- [Exercise description] Repeat the listing exactly. The images do not belong in the copy.

- [Available data]

* * * * * * *

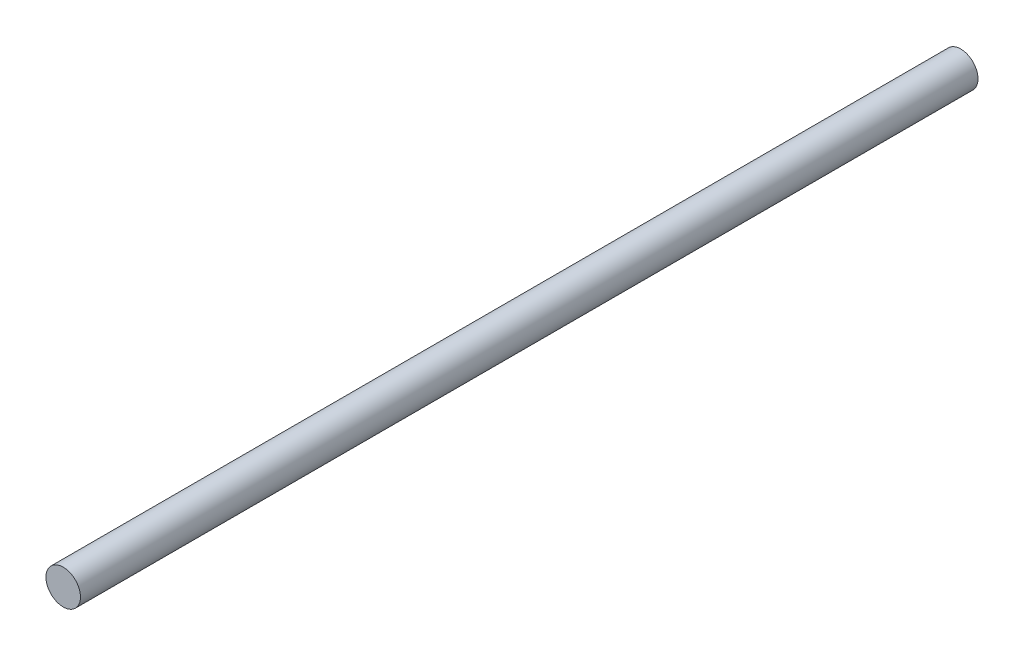
from build123d import *

# Parameters (mm, degrees)
BOSS_EXTRUDE1_DEPTH      = 130
BOSS_EXTRUDE1_DEPTH_BACK = 130
SKETCH1_R                = 5


with BuildPart() as part:
    # Sketch1 → Boss-Extrude1 (new, two sides: drawn at the far end of the back side and taken through both)
    with BuildSketch(Plane.XY.offset(-BOSS_EXTRUDE1_DEPTH_BACK)):
        Circle(SKETCH1_R)
    extrude(amount=BOSS_EXTRUDE1_DEPTH + BOSS_EXTRUDE1_DEPTH_BACK)


solid = part.part

* * * * * * *

- [Result of this task]
from build123d import *

# Parameters (mm, degrees)
BOSS_EXTRUDE1_DEPTH      = 130
BOSS_EXTRUDE1_DEPTH_BACK = 130
SKETCH1_R                = 5


with BuildPart() as part:
    # Sketch1 → Boss-Extrude1 (new, two sides: drawn at the far end of the back side and taken through both)
    with BuildSketch(Plane.XY.offset(-BOSS_EXTRUDE1_DEPTH_BACK)):
        Circle(SKETCH1_R)
    extrude(amount=BOSS_EXTRUDE1_DEPTH + BOSS_EXTRUDE1_DEPTH_BACK)


solid = part.part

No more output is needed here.